Parallel tourt die mobile Ausstellung „Health XP“ durchs Land. Sie informiert über personalisierte Medizin und Krebsprävention – vom 25. bis 28. Juni macht sie Station in Ingolstadt. Die Initiatoren wollen vor allem Jugendliche ab 14 Jahren und Erwachsene erreichen.
Medizinregistergesetz: Mehr Daten, mehr Kritik
Ein zentraler Baustein für die Datenzukunft ist das geplante Medizinregistergesetz. Philipp Müller vom Bundesgesundheitsministerium (BMG) betonte auf Fachveranstaltungen die hohe Priorität des Vorhabens. Ziel: Die über 400 medizinischen Register in Deutschland besser nutzbar machen. Eine Forschungskennziffer, basierend auf der Krankenversichertennummer (KVNR), soll die Verknüpfung verschiedener Datensätze ermöglichen.
Jana Holland vom BMG verteidigte den Gesetzentwurf, den das Kabinett bereits im März 2026 beschloss. Er befindet sich nun in der parlamentarischen Beratung. Die Neuregelung soll auch die europäische Anschlussfähigkeit der deutschen Dateninfrastruktur sichern. Ab Oktober 2026 sollen zudem Daten aus der elektronischen Patientenakte (ePA) von rund 70 Millionen Versicherten im Forschungsdatenzentrum (FDZ) bereitstehen.
Kritik kommt vom Institut für Qualität und Wirtschaftlichkeit im Gesundheitswesen (IQWiG).
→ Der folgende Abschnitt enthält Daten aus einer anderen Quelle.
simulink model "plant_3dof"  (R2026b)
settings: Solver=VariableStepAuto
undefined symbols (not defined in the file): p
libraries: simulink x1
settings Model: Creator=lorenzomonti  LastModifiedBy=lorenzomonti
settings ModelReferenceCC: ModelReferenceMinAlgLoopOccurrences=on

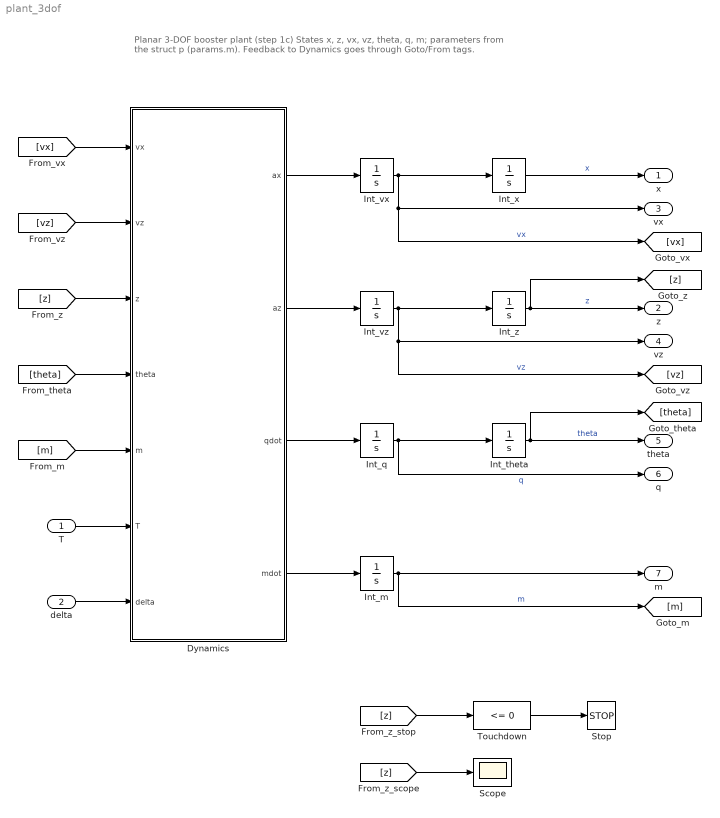
== system plant_3dof ==
  note: Planar 3-DOF booster plant (step 1c)
      | States x, z, vx, vz, theta, q, m; parameters from the struct p (params.m).
      | Feedback to Dynamics goes through Goto/From tags.
  T : Inport
  delta : Inport  Port=2
  Dynamics : MATLAB Function  TreatAsAtomicUnit=on
  Int_m : Integrator  InitialCondition=p.m0
  Int_q : Integrator  InitialCondition=p.q0
  Int_theta : Integrator  InitialCondition=p.theta0
  Int_vx : Integrator  InitialCondition=p.vx0
  Int_vz : Integrator  InitialCondition=p.vz0
  Int_x : Integrator  InitialCondition=p.x0
  Int_z : Integrator  InitialCondition=p.z0
  Scope : Scope
      settings: ActiveDisplayYMinimum=3080.5952098736093  ActiveDisplayYMaximum=5213.2671989029323
  Stop : Stop
  Touchdown : simulink/Logic and Bit Operations/Compare To Constant  relop=<=  const=0  OutDataTypeStr=boolean
  x : Outport
  z : Outport  Port=2
  vx : Outport  Port=3
  vz : Outport  Port=4
  theta : Outport  Port=5
  q : Outport  Port=6
  m : Outport  Port=7
  wires:
  [vx] -> Dynamics/1(vx)
  [vz] -> Dynamics/2(vz)
  [z] -> Dynamics/3(z)
  [theta] -> Dynamics/4(theta)
  [m] -> Dynamics/5(m)
  T/1 -> Dynamics/6(T)
  delta/1 -> Dynamics/7(delta)
  Dynamics/1(ax) -> Int_vx/1
  Dynamics/2(az) -> Int_vz/1
  Dynamics/3(qdot) -> Int_q/1
  Dynamics/4(mdot) -> Int_m/1
  Int_vx/1 -> vx/1, [vx], Int_x/1  "vx"
  Int_x/1 -> x/1  "x"
  Int_vz/1 -> vz/1, [vz], Int_z/1  "vz"
  Int_z/1 -> z/1, [z]  "z"
  Int_q/1 -> Int_theta/1, q/1  "q"
  Int_theta/1 -> theta/1, [theta]  "theta"
  Int_m/1 -> m/1, [m]  "m"
  [z] -> Touchdown/1
  Touchdown/1 -> Stop/1
  [z] -> Scope/1

== matlab function plant_3dof/Dynamics ==
  data: vx input; ax output; vz input; z input; theta input; m input; T input; delta input; az output; qdot output; mdot output; p parameter
function [ax, az, qdot, mdot] = dynamics(vx, vz, z, theta, m, T, delta, p)

if m <= p.mdry, T = 0; end

rho = p.rho0 * exp(-z/p.H);

V = sqrt((vx - p.wind)^2 + vz^2);

Dx = 0.5 * rho * p.CD * p.A * V * (vx - p.wind);
Dz = 0.5 * rho * p.CD * p.A * V * vz;

ax = (T * sin(theta + delta) - Dx)/m;
az = (T * cos(theta + delta) - Dz)/m - p.g;

qdot = - (T * p.l * sin(delta))/p.I;
mdot = - (T)/(p.Isp * p.g0);

Thomas Kaiser bemängelte einen einseitigen Fokus auf die Dateninfrastruktur. Die eigentliche Forschungsinfrastruktur und Qualitätsprüfung blieben auf der Strecke. Auch die Arbeitsgemeinschaft der Wissenschaftlichen Medizinischen Fachgesellschaften (AWMF) fordert eine nachhaltige Finanzierung und klare Perspektiven für die Registerbetreiber.
KI als Systemtreiber – mit Hürden
Die Bedeutung von Daten unterstreichen aktuelle Entwicklungen im Bereich Künstliche Intelligenz (KI). Laut dem Trendreport Gesundheits-IT 2026 des Bundesverbandes Gesundheits-IT (bvitg) entwickelt sich KI zum strategischen Systemtreiber. Sie soll systematisch in Versorgungs- und Verwaltungsprozesse integriert werden.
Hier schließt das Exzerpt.